# [WHAT IS BEING ASKED]
Starting at the line that contains "light_auto_sun.angle = 0.0523599", transcribe every remaining line of the entries exactly, including the last one.
□ □ □ □
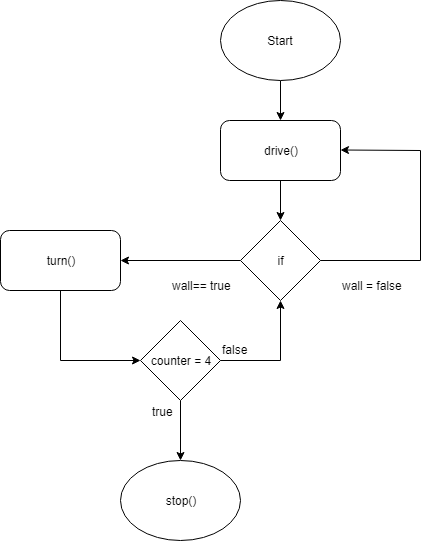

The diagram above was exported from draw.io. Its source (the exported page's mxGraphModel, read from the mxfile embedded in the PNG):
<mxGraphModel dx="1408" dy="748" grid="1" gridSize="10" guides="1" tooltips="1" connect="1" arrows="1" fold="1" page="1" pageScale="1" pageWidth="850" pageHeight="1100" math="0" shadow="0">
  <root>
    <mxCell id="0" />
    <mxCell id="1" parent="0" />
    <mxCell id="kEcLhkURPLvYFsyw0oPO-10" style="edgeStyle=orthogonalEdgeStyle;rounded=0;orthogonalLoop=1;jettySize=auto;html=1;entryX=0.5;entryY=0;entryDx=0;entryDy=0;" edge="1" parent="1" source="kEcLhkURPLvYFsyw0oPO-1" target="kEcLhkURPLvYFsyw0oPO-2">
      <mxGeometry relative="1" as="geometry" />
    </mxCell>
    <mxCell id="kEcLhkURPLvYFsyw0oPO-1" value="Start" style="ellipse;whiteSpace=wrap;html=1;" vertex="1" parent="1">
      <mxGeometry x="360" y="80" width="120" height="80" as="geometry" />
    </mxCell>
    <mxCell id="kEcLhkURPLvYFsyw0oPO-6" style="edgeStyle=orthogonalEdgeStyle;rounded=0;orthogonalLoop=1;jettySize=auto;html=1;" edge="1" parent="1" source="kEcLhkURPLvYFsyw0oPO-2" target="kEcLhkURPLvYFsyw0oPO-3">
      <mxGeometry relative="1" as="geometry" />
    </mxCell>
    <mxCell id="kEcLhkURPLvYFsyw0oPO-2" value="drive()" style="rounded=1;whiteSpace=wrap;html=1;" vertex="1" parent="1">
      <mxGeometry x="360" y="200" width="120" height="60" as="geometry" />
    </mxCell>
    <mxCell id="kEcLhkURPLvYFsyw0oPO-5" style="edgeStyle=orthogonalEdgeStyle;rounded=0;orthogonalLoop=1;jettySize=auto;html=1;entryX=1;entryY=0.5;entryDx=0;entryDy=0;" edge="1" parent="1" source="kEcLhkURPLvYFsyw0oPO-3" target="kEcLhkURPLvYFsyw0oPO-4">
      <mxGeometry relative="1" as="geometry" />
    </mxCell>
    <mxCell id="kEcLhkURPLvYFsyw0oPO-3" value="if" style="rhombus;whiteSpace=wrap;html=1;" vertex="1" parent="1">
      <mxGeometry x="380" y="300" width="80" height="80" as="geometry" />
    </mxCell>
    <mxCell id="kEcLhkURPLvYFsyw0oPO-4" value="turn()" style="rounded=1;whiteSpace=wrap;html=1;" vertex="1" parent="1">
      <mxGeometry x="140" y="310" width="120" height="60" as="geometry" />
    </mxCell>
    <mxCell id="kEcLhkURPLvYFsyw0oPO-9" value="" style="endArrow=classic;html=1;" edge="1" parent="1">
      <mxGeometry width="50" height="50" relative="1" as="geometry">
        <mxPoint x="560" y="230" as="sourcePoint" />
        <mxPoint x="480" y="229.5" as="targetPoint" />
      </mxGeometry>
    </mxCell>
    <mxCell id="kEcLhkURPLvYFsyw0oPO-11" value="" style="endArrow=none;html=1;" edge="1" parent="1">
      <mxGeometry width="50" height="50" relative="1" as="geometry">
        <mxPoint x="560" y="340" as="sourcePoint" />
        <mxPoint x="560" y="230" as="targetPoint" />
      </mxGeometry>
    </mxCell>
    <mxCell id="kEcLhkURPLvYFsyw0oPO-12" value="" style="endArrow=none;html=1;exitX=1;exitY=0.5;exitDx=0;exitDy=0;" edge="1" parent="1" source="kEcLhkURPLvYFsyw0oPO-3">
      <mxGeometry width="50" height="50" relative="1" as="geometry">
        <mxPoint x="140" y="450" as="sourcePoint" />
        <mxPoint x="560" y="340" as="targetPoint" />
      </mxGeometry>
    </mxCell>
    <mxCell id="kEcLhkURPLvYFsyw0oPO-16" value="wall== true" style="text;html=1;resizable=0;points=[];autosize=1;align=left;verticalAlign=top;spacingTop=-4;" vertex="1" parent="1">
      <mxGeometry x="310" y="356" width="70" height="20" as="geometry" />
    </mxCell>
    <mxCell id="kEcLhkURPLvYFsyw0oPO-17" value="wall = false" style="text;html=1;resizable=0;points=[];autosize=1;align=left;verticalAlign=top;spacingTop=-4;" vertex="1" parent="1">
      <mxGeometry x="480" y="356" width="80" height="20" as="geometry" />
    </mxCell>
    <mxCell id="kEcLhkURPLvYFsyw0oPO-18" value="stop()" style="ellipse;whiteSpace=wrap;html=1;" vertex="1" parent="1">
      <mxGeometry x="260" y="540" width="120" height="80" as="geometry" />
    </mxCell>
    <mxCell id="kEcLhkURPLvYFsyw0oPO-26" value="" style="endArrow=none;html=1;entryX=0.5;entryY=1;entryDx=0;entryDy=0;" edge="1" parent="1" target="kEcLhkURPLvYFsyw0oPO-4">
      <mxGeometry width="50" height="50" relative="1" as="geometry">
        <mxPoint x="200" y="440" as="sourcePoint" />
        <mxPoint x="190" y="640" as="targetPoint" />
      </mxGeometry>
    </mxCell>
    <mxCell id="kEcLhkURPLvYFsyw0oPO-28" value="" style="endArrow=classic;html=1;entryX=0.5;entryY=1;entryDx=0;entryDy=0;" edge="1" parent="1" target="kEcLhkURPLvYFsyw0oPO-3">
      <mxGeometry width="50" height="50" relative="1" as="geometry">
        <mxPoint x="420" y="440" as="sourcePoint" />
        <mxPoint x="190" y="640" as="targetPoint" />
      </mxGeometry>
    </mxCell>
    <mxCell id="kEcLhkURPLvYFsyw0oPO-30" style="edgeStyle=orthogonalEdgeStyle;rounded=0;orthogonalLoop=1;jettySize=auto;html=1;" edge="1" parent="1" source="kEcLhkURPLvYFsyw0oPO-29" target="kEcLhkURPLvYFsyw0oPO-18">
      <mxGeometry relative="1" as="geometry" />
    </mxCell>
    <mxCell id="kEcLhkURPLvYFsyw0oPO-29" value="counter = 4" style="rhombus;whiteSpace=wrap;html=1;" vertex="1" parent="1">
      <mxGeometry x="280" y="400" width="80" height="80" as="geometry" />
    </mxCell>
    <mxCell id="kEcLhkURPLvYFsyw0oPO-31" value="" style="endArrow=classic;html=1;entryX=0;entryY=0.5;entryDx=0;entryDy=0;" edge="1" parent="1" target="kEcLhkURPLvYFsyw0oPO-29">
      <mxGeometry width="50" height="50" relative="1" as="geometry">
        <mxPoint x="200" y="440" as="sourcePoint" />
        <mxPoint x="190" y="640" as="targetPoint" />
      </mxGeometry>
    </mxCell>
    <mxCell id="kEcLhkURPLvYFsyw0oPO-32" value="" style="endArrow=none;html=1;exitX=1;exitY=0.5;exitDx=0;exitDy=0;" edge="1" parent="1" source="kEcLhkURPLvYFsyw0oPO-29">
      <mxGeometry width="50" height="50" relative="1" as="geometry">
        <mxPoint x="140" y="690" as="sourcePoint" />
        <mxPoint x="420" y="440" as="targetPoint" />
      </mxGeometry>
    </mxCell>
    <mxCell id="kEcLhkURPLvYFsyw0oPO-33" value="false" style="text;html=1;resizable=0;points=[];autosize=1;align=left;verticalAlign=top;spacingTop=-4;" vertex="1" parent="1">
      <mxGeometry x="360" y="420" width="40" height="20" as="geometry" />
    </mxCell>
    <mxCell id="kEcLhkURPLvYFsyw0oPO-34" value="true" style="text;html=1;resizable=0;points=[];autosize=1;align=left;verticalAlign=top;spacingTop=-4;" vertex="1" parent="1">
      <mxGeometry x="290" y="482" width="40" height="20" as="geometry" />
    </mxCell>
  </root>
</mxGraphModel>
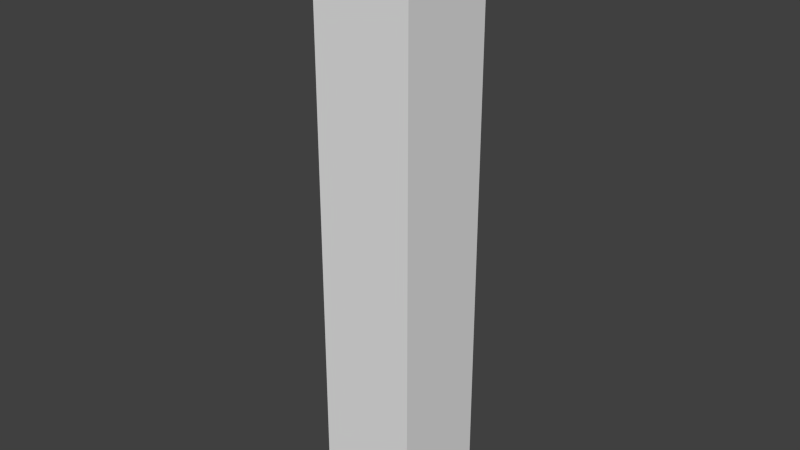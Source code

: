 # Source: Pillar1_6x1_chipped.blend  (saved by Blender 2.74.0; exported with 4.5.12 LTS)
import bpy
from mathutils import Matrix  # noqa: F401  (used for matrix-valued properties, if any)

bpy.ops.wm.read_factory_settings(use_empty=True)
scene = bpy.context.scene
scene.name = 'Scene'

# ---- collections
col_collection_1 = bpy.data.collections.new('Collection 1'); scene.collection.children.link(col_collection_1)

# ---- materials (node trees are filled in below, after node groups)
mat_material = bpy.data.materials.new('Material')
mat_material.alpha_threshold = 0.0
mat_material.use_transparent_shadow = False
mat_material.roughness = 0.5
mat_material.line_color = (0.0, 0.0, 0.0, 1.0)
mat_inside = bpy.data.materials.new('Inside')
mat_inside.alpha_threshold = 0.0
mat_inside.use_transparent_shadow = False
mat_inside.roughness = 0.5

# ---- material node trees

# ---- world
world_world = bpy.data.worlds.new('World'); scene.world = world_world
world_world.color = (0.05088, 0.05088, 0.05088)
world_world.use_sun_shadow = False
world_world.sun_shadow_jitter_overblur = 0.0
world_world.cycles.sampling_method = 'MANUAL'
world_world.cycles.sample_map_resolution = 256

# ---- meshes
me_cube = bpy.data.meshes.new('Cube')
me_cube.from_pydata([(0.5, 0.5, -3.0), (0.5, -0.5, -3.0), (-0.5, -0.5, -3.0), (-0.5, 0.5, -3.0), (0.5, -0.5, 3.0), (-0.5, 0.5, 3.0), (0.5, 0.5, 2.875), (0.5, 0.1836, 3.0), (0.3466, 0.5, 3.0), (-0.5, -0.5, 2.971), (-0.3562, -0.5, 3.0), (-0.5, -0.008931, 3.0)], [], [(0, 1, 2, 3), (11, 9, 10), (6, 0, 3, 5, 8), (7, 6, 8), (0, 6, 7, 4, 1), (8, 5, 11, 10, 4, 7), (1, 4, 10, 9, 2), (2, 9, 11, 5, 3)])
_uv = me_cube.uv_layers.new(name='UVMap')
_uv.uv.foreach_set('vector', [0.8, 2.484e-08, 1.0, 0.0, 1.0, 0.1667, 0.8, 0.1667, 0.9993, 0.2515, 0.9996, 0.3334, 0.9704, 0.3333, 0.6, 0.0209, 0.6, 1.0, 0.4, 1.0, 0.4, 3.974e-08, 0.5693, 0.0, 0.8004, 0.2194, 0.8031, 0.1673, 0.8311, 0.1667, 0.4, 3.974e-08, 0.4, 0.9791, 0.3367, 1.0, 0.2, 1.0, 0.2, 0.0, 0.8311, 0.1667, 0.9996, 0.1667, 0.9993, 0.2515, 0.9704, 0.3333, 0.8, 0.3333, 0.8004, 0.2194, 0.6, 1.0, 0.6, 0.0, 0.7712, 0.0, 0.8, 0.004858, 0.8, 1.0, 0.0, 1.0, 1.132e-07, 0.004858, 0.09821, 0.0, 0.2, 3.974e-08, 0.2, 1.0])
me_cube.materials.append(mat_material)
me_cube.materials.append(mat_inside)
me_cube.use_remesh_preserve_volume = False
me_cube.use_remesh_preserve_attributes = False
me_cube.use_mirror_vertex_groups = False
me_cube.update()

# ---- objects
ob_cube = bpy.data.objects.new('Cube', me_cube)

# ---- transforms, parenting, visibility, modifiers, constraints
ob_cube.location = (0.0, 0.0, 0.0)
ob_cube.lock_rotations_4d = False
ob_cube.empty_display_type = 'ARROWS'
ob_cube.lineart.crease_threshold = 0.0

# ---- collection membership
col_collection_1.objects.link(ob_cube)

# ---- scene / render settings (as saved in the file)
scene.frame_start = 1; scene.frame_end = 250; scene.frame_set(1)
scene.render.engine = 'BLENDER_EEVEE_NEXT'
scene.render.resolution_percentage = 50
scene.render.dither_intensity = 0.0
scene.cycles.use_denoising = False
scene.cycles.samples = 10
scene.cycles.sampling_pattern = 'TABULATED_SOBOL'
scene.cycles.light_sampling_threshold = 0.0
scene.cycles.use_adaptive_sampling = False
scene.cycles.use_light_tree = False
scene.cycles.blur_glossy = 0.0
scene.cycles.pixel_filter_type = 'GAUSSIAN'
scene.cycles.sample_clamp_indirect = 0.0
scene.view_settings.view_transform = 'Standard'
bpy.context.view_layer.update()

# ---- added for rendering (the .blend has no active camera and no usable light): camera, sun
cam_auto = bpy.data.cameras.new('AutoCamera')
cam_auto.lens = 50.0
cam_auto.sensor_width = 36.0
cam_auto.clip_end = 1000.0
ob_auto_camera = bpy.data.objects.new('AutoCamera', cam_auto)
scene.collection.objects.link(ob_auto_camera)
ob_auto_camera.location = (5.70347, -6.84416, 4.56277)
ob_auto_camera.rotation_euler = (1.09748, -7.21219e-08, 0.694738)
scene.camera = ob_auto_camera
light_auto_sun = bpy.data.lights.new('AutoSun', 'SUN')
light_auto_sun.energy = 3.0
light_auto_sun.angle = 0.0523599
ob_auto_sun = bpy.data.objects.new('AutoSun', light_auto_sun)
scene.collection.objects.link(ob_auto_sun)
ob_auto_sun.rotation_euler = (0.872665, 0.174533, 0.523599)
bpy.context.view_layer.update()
□ □ □ □
# [TASK RESULT]
light_auto_sun.angle = 0.0523599
ob_auto_sun = bpy.data.objects.new('AutoSun', light_auto_sun)
scene.collection.objects.link(ob_auto_sun)
ob_auto_sun.rotation_euler = (0.872665, 0.174533, 0.523599)
bpy.context.view_layer.update()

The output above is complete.